▶ _DESCRIPTION OF THE TASK_: From the entries below, return exactly the lines beginning at the one that contains "line L4 (-61.4015, -226.6779)" and ending at the one that contains "line L21 (40.7978, -237.1343)", both of them included, and only those lines.

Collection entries
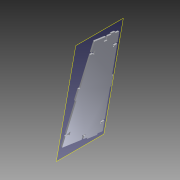
# Autodesk Inventor part: Panel_side
Saved by Autodesk Inventor 2013 (Build 170138000, 138)
## iProperties
Created: 2013-02-02
Part Number: Panel_side
Material: Aluminum 6061
Document SubType Name: Modeling
Designer: xylzlyx
Density: 1 g/cm^3
ScrewLen: 0.525 in
ScrewHoleD: 0.150 in
NutFlatsGap: 0.323 in
NutHeightGap: 0.119 in
SlotFilletRad: 0.020 in
ScrewHoleDist: 1.000 in
MetalThickness: 0.125 in
SlotWidth: 0.150 in
TabLength: 1.000 in
SlotLength: 1.050 in
SmallSlotLength: 0.425 in
SmallTabLength: 0.375 in
Author: xylzlyx
Autodesk Inventor part; units mm, degrees
ref_plane "YZ Plane" through (0, 0, 0) normal (1, 0, 0) x (0, 1, 0)
ref_plane "XZ Plane" through (0, 0, 0) normal (0, 1, 0) x (-1, 0, 0)
ref_plane "XY Plane" through (0, 0, 0) normal (0, 0, 1) x (1, 0, 0)
ref_plane "Work Plane1" through (-221.4413, -90.9255, -118.1004) normal (-0.9848078, 0.1736482, 0) x (-0.1736482, -0.9848078, 0)
sketch "Sketch1" plane through (-221.4413, -90.9255, -118.1004) normal (-0.9848078, 0.1736482, 0) x (-0.1736482, -0.9848078, 0)
  line L0 (0, 0) -> (-0.5513, 3.1268) construction
  line L1 (-0.5513, 3.1268) -> (245.7896, 46.5633) construction
  line L2 (245.7896, 46.5633) -> (246.341, 43.4366) construction
  line L3 (246.341, 43.4366) -> (0, 0) construction
  line L4 (254.4978, -57.6752) -> (251.371, -58.2265) construction
  line L5 (251.371, -58.2265) -> (233.8339, 41.2312) construction
  line L6 (233.8339, 41.2312) -> (236.9607, 41.7826) construction
  line L7 (236.9607, 41.7826) -> (254.4978, -57.6752) construction
  line L8 (12.5071, 2.2053) -> (23.1628, -58.2265) construction
  line L9 (23.1628, -58.2265) -> (20.0361, -58.7779) construction
  line L10 (20.0361, -58.7779) -> (9.3803, 1.654) construction
  line L11 (9.3803, 1.654) -> (12.5071, 2.2053) construction
  line L12 (264.2669, -61.4015) -> (10.2669, -61.4015) construction
  line L13 (10.2669, -61.4015) -> (10.2669, -58.2265) construction
  line L14 (10.2669, -58.2265) -> (264.2669, -58.2265) construction
  line L15 (264.2669, -58.2265) -> (264.2669, -61.4015) construction
  line L16 (233.8339, 41.2312) -> (251.371, -58.2265)
  line L17 (251.371, -58.2265) -> (23.1628, -58.2265)
  line L18 (23.1628, -58.2265) -> (12.5071, 2.2053)
  line L19 (12.5071, 2.2053) -> (233.8339, 41.2312)
  point P0 (-127.997, 118.1004)
  constraints: 40 end point, 4 collinear, 2 horizontal, 2 vertical, 28 other
extrude "SidePanel" add sketch "Sketch1" against normal blind 3.175
fillet "CornerFillet" radius 1 4 edges at (-263.5281, -338.7532, -176.327) (-260.4828, -321.4826, -76.8692) (-223.9001, -114.0121, -176.327) (-222.0498, -103.5182, -115.8951)
sketch "ScrewSketch" plane through (-221.4413, -90.9255, -118.1004) normal (-0.9848078, 0.1736482, 0) x (0, 0, 1)
  line L0 (-57.0529, -251.164) -> (40.2464, -234.0076) projected
  line L1 (41.0576, -232.8491) -> (2.379, -13.4919) projected
  line L2 (-61.4015, -11.2669) -> (-61.4015, -263.2669) projected
  line L3 (-58.2265, -250.1792) -> (-58.2265, -24.0019) projected
  line L4 (-61.4015, -226.6779) -> (-48.0665, -226.6779)
  line L5 (-61.4015, -222.8806) -> (-48.0665, -222.8806)
  line L6 (-61.4015, -222.8806) -> (-61.4015, -226.6779)
  line L7 (-48.0665, -226.6779) -> (-48.0665, -222.8806)
  line L8 (-61.4015, -47.5033) -> (-48.0665, -47.5033)
  line L9 (-48.0665, -47.5033) -> (-48.0665, -51.3006)
  line L10 (-48.0665, -51.3006) -> (-61.4015, -51.3006)
  line L11 (-61.4015, -51.3006) -> (-61.4015, -47.5033)
  line L12 (3.3004, -0.4335) -> (46.3897, -244.8048) projected
  line L13 (-3.5457, -38.4004) -> (9.5867, -36.0848)
  line L14 (-3.5457, -38.4004) -> (-2.8863, -42.1401)
  line L15 (-2.8863, -42.1401) -> (10.2461, -39.8245)
  line L16 (10.2461, -39.8245) -> (9.5867, -36.0848)
  line L17 (26.971, -211.4691) -> (40.1034, -209.1535)
  line L18 (26.971, -211.4691) -> (26.3116, -207.7294)
  line L19 (26.3116, -207.7294) -> (39.444, -205.4138)
  line L20 (39.444, -205.4138) -> (40.1034, -209.1535)
  line L21 (40.7978, -237.1343) -> (-56.6904, -254.3241) projected
  line L22 (0.6692, -9.5539) -> (-57.2417, -19.7652) projected
  line L23 (-48.0665, -228.875) -> (-48.0665, -220.6835)
  line L24 (-48.0665, -220.6835) -> (-51.0987, -220.6835)
  line L25 (-48.0665, -228.875) -> (-51.0987, -228.875)
  line L26 (-51.0987, -228.875) -> (-51.0987, -220.6835)
  line L27 (-48.0665, -45.3062) -> (-48.0665, -53.4977)
  line L28 (-48.0665, -53.4977) -> (-51.0987, -53.4977)
  line L29 (-51.0987, -53.4977) -> (-51.0987, -45.3062)
  line L30 (-51.0987, -45.3062) -> (-48.0665, -45.3062)
  line L31 (-2.5048, -44.3038) -> (-3.9272, -36.2367)
  line L32 (-2.5048, -44.3038) -> (0.4813, -43.7773)
  line L33 (0.4813, -43.7773) -> (-0.9412, -35.7102)
  line L34 (-0.9412, -35.7102) -> (-3.9272, -36.2367)
  line L35 (27.3525, -213.6328) -> (25.93, -205.5657)
  line L36 (25.93, -205.5657) -> (28.9161, -205.0392)
  line L37 (28.9161, -205.0392) -> (30.3385, -213.1062)
  line L38 (30.3385, -213.1062) -> (27.3525, -213.6328)
  line L39 (-6.0765, -245.3995) -> (-8.3921, -232.2671)
  line L40 (-12.1317, -232.9265) -> (-9.8161, -246.0589)
  line L41 (-8.3921, -232.2671) -> (-12.1317, -232.9265)
  line L42 (-6.0765, -245.3995) -> (-9.8161, -246.0589)
  line L43 (-14.2955, -233.308) -> (-6.2284, -231.8856)
  line L44 (-13.7689, -236.2941) -> (-14.2955, -233.308)
  line L45 (-13.7689, -236.2941) -> (-5.7019, -234.8716)
  line L46 (-5.7019, -234.8716) -> (-6.2284, -231.8856)
  line L47 (-26.4165, -14.3299) -> (-24.1009, -27.4623)
  line L48 (-24.1009, -27.4623) -> (-27.8405, -28.1217)
  line L49 (-27.8405, -28.1217) -> (-30.1561, -14.9893)
  line L50 (-30.1561, -14.9893) -> (-26.4165, -14.3299)
  line L51 (-30.0042, -28.5032) -> (-21.9371, -27.0808)
  line L52 (-21.9371, -27.0808) -> (-22.4637, -24.0947)
  line L53 (-22.4637, -24.0947) -> (-30.5307, -25.5171)
  line L54 (-30.5307, -25.5171) -> (-30.0042, -28.5032)
  line L55 (-61.4015, -224.7792) -> (-48.0665, -224.7792) construction
  line L56 (-61.4015, -49.4019) -> (-48.0665, -49.4019) construction
  line L57 (9.9164, -37.9547) -> (-3.216, -40.2702) construction
  line L58 (39.7737, -207.2836) -> (26.6413, -209.5992) construction
  point P0 (-7.9463, -245.7292)
  point P1 (-10.2619, -232.5968)
  point P2 (-28.2863, -14.6596)
  point P3 (-25.9707, -27.792)
  dimension "d7" = 13.335
  dimension "d8" = 3.7973
  dimension "d10" = 13.335
  dimension "d11" = 3.7973
  dimension "d14" = 13.335
  dimension "d17" = 3.7973
  dimension "d18" = 13.335
  dimension "d20" = 3.7973
  dimension "d21" = 8.1915
  dimension "d22" = 3.0321
  dimension "d23" = 8.1915
  dimension "d24" = 3.0321
  dimension "d25" = 8.1915
  dimension "d26" = 3.0321
  dimension "d27" = 8.1915
  dimension "d28" = 3.0321
  dimension "d29" = 13.335
  dimension "d30" = 3.7973
  dimension "d31" = 8.1915
  dimension "d32" = 3.0321
  dimension "d33" = 3.7973
  dimension "d34" = 13.335
  dimension "d35" = 8.1915
  dimension "d36" = 3.0321
  dimension "d40" = 25.4
  dimension "d41" = 25.4
  dimension "d42" = 25.4
  dimension "d43" = 25.4
  constraints: 104 end point, 39 parallel, 16 midpoint, 9 collinear, 6 perpendicular, 6 point on line
  measures "d7" distance of L4.start L4.end
  measures "d8" distance between parallel lines of L4 L5
  measures "d10" distance of L8.start L8.end
  measures "d11" distance of L10.end L8.start
  measures "d14" distance of L13.start L13.end
  measures "d17" distance between parallel lines of L13 L15
  measures "d18" distance of L17.start L17.end
  measures "d20" distance of L19.end L17.end
  measures "d21" distance of L23.start L23.end
  measures "d22" distance of L23.end L24.end
  measures "d23" distance of L27.start L27.end
  measures "d24" distance of L27.end L28.end
  measures "d25" distance of L31.start L31.end
  measures "d26" distance of L31.start L32.end
  measures "d27" distance of L35.start L35.end
  measures "d28" distance of L35.end L36.end
  measures "d29" distance of L39.start L39.end
  measures "d30" distance of L39.end L40.start
  measures "d31" distance of L43.start L43.end
  measures "d32" distance of L44.start L43.start
  measures "d33" distance of L49.end L47.start
  measures "d34" distance of L48.end L49.end
  measures "d35" distance of L51.start L51.end
  measures "d36" distance of L51.end L52.end
  measures "d40" vertical distance of L55.start L3.start
  measures "d41" vertical distance of L3.end L56.start
  measures "d42" distance from line of L1.end L57
  measures "d43" distance from line of L1.start L58
extrude "ScrewSlots" cut sketch "ScrewSketch" against normal blind 25.4 contours L40 L45 L39 L0 | L0 L39 L21 L40 | L45 L44 L43 L40 | L40 L41 L39 L45 | L39 L43 L46 L45 | L17 L37 L19 L1 | L1 L19 L12 L17 | L37 L38 L35 L17 | L17 L18 L19 L37 | L15 L33 L13 L1 | L1 L13 L12 L15 | L19 L35 L36 L37 | L33 L32 L31 L15 | L15 L14 L13 L33 | L13 L31 L34 L33 | L8 L3 L10 L2 | L8 L29 L10 L3 | L5 L3 L4 L2 | L29 L30 L27 L8 | L8 L9 L10 L29 | L5 L26 L4 L3 | L10 L27 L28 L29 | L26 L24 L23 L5 | L5 L7 L4 L26 | L4 L23 L25 L26 | L47 L53 L49 L22 | L53 L52 L51 L47 | L47 L48 L49 L53 | L49 L51 L54 L53
fillet "SlotFillets" radius 0.5 48 edges at (-261.9482, -329.7932, -124.7283) (-260.7292, -322.8803, -125.966) (-262.0627, -330.4426, -128.4679) (-260.8437, -323.5296, -129.7056) (-260.91, -323.9054, -131.8694) (-260.3915, -320.9647, -132.3959) (-260.1445, -319.5638, -124.3288) (-260.663, -322.5045, -123.8023) (-256.5077, -298.939, -88.1434) (-256.8835, -301.0698, -87.7619) (-256.9749, -301.5883, -90.748) (-255.5741, -293.6438, -92.1704) (-255.4826, -293.1253, -89.1843) (-255.8584, -295.2562, -88.8028) (-256.2928, -297.72, -81.1238) (-255.6434, -294.0372, -81.7832) (-259.6217, -316.599, -166.167) (-259.6217, -316.599, -169.1991) (-259.2402, -314.4353, -169.1991) (-259.2402, -314.4353, -176.327) (-258.5808, -310.6957, -176.327) (-258.5808, -310.6957, -169.1991) (-258.1992, -308.5319, -169.1991) (-258.1992, -308.5319, -166.167) (-229.1677, -143.8861, -166.167) (-229.1677, -143.8861, -169.1991) (-228.7862, -141.7223, -169.1991) (-228.7862, -141.7223, -176.327) (-228.1268, -137.9827, -176.327) (-228.1268, -137.9827, -169.1991) (-227.7453, -135.819, -169.1991) (-227.7453, -135.819, -166.167) (-224.8275, -119.2713, -148.1046) (-224.5805, -117.8705, -140.0376) (-224.062, -114.9298, -140.5641) (-224.1282, -115.3055, -142.7278) (-224.2427, -115.9549, -146.4674) (-224.309, -116.3306, -148.6312) (-223.0238, -109.0419, -147.7052) (-222.9093, -108.3926, -143.9656) (-226.1704, -126.8873, -122.0277) (-227.4798, -134.3133, -117.6192) (-227.5712, -134.8318, -120.6052) (-226.079, -126.3688, -119.0416) (-226.2398, -127.2807, -111.6405) (-226.8891, -130.9635, -110.9811) (-226.4547, -128.4997, -118.6601) (-227.1041, -132.1825, -118.0007)
sketch "TopTabSketch" plane through (-260.0573, -309.9276, -176.327) normal (0, 0, -1) x (-0.9848078, 0.1736482, 0)
  line L0 (0, 72.59) -> (-3.175, 72.59)
  line L1 (-3.175, 72.59) -> (-3.175, 97.99)
  line L2 (-3.175, 97.99) -> (0, 97.99)
  line L3 (0, 97.99) -> (0, 72.59)
  line L4 (-2.9925, 71.955) -> (-0.1825, 71.955) projected
  line L5 (0.3175, 72.455) -> (0.3175, 98.125) projected
  point P0 (-1.5875, 85.29)
  point P1 (0, 85.29)
  point P2 (-1.5875, 72.59)
  point P3 (0.3175, 85.29)
  point P4 (-1.5875, 71.955)
  point P5 (-3.175, -27.7987)
  dimension "d44" = 25.4
  constraints: 8 end point, 4 midpoint, 3 vertical alignment, 2 horizontal alignment, 2 parallel, 1 horizontal, 1 perpendicular
  measures "d44" distance of L0.end L1.end
extrude "TopTab" add sketch "TopTabSketch" along normal blind 3.175
fillet "TopTabFillet" radius 0.5 4 edges at (-245.8888, -238.7161, -179.502) (-245.8888, -238.7161, -176.327) (-241.4782, -213.7019, -179.502) (-241.4782, -213.7019, -176.327)
sketch "BottomTabSketch" plane through (-257.1213, -293.2766, -81.87) normal (0.0301537, 0.1710101, 0.9848078) x (0.9848078, -0.1736482, 0)
  line L0 (3.175, 96.2719) -> (0, 96.2719)
  line L1 (0, 96.2719) -> (0, 70.8719)
  line L2 (0, 70.8719) -> (3.175, 70.8719)
  line L3 (3.175, 70.8719) -> (3.175, 96.2719)
  line L4 (2.9925, 96.9069) -> (0.1825, 96.9069) projected
  line L5 (-0.3175, 96.4069) -> (-0.3175, 70.7369) projected
  point P0 (3.175, 167.1439)
  point P1 (202.2881, 314.187)
  point P2 (1.5875, 96.2719)
  point P3 (1.5875, 96.9069)
  point P4 (0, 83.5719)
  point P5 (-0.3175, 83.5719)
  dimension "d50" = 25.4
  constraints: 8 end point, 4 midpoint, 2 parallel, 2 vertical alignment, 1 horizontal, 1 horizontal alignment, 1 perpendicular
  measures "d50" distance of L2.end L0.start
extrude "BottomTab" add sketch "BottomTabSketch" along normal blind 3.175
fillet "BottomTabFillet" radius 0.5 4 edges at (-239.0945, -200.1833, -98.5875) (-238.9987, -199.6404, -95.4607) (-243.3424, -224.2745, -91.0501) (-243.4381, -224.8174, -94.1768)
sketch "BackTabSketch" plane through (-265.0555, -338.2738, -175.1533) normal (-0.1710101, -0.9698463, 0.1736482) x (0.9848078, -0.1736482, 0)
  line L0 (0, 11.3563) -> (3.175, 11.3563)
  line L1 (3.175, 11.3563) -> (3.175, 36.7563)
  line L2 (3.175, 36.7563) -> (0, 36.7563)
  line L3 (0, 36.7563) -> (0, 11.3563)
  line L4 (2.9925, 37.3913) -> (0.1825, 37.3913) projected
  line L5 (-0.3175, 36.8913) -> (-0.3175, 11.2213) projected
  point P0 (0, 0)
  point P1 (202.2881, 238.333)
  point P2 (3.175, 24.0563)
  point P3 (-0.3175, 24.0563)
  point P4 (1.5875, 36.7563)
  point P5 (1.5875, 37.3913)
  dimension "d56" = 25.4
  constraints: 8 end point, 4 midpoint, 2 parallel, 2 vertical alignment, 1 horizontal, 1 horizontal alignment, 1 perpendicular
  measures "d56" distance of L0.end L1.end
extrude "BackTab" add sketch "BackTabSketch" along normal blind 3.175
fillet "BackTabFillet" radius 0.5 4 edges at (-262.3838, -332.2637, -138.9555) (-262.9268, -335.343, -138.4042) (-263.6927, -339.6867, -163.4183) (-263.1497, -336.6074, -163.9696)
sketch "FrontTabSketch" plane through (-225.4382, -113.5929, -175.5006) normal (0.1710101, 0.9698463, -0.1736482) x (0.9848078, -0.1736482, 0)
  line L0 (3.175, -10.1593) -> (0, -10.1593)
  line L1 (0, -10.1593) -> (0, -19.6843)
  line L2 (0, -19.6843) -> (3.175, -19.6843)
  line L3 (3.175, -19.6843) -> (3.175, -10.1593)
  line L4 (2.9925, -9.5243) -> (0.1825, -9.5243) projected
  line L5 (-0.3175, -10.0243) -> (-0.3175, -19.8193) projected
  point P0 (3.175, 0)
  point P1 (202.2881, -199.0577)
  point P2 (1.5875, -9.5243)
  point P3 (1.5875, -10.1593)
  point P4 (-0.3175, -14.9218)
  point P5 (0, -14.9218)
  dimension "d61" = 9.525
  constraints: 8 end point, 4 midpoint, 2 parallel, 2 vertical alignment, 1 horizontal, 1 horizontal alignment, 1 perpendicular
  measures "d61" distance of L2.end L0.start
extrude "FrontTab" add sketch "FrontTabSketch" along normal blind 3.175
fillet "FrontTabFillet" radius 0.5 4 edges at (-223.5685, -112.1312, -165.4957) (-223.0255, -109.052, -166.047) (-222.7383, -107.4231, -156.6667) (-223.2813, -110.5023, -156.1154)
equation "\"d7\" = ScrewLen"
equation "\"d8\" = ScrewHoleD"
equation "\"d10\" = ScrewLen"
equation "\"d11\" = ScrewHoleD"
equation "\"d14\" = ScrewLen"
equation "\"d17\" = ScrewHoleD"
equation "\"d18\" = ScrewLen"
equation "\"d20\" = ScrewHoleD"
equation "\"d21\" = NutFlatsGap"
equation "\"d22\" = NutHeightGap"
equation "\"d23\" = NutFlatsGap"
equation "\"d24\" = NutHeightGap"
equation "\"d25\" = NutFlatsGap"
equation "\"d26\" = NutHeightGap"
equation "\"d27\" = NutFlatsGap"
equation "\"d28\" = NutHeightGap"
equation "\"d29\" = ScrewLen"
equation "\"d30\" = ScrewHoleD"
equation "\"d31\" = NutFlatsGap"
equation "\"d32\" = NutHeightGap"
equation "\"d33\" = ScrewHoleD"
equation "\"d34\" = ScrewLen"
equation "\"d35\" = NutFlatsGap"
equation "\"d36\" = NutHeightGap"
equation "\"ScrewLen\" = 13.335"
equation "\"ScrewHoleD\" = 3.7973"
equation "\"NutFlatsGap\" = 8.1915"
equation "\"NutHeightGap\" = 3.03212"
equation "\"SlotFilletRad\" = 0.5"
equation "\"ScrewHoleDist\" = 25.4"
equation "\"MetalThickness\" = 3.175"
equation "\"SlotWidth\" = 3.81"
equation "\"TabLength\" = 25.4"
equation "\"SlotLength\" = 26.67"
equation "\"SmallSlotLength\" = 10.795"
equation "\"SmallTabLength\" = 9.525"
body "Solid1"

▶ _SOLUTION TO THIS EXERCISE_:
  line L4 (-61.4015, -226.6779) -> (-48.0665, -226.6779)
  line L5 (-61.4015, -222.8806) -> (-48.0665, -222.8806)
  line L6 (-61.4015, -222.8806) -> (-61.4015, -226.6779)
  line L7 (-48.0665, -226.6779) -> (-48.0665, -222.8806)
  line L8 (-61.4015, -47.5033) -> (-48.0665, -47.5033)
  line L9 (-48.0665, -47.5033) -> (-48.0665, -51.3006)
  line L10 (-48.0665, -51.3006) -> (-61.4015, -51.3006)
  line L11 (-61.4015, -51.3006) -> (-61.4015, -47.5033)
  line L12 (3.3004, -0.4335) -> (46.3897, -244.8048) projected
  line L13 (-3.5457, -38.4004) -> (9.5867, -36.0848)
  line L14 (-3.5457, -38.4004) -> (-2.8863, -42.1401)
  line L15 (-2.8863, -42.1401) -> (10.2461, -39.8245)
  line L16 (10.2461, -39.8245) -> (9.5867, -36.0848)
  line L17 (26.971, -211.4691) -> (40.1034, -209.1535)
  line L18 (26.971, -211.4691) -> (26.3116, -207.7294)
  line L19 (26.3116, -207.7294) -> (39.444, -205.4138)
  line L20 (39.444, -205.4138) -> (40.1034, -209.1535)
  line L21 (40.7978, -237.1343) -> (-56.6904, -254.3241) projected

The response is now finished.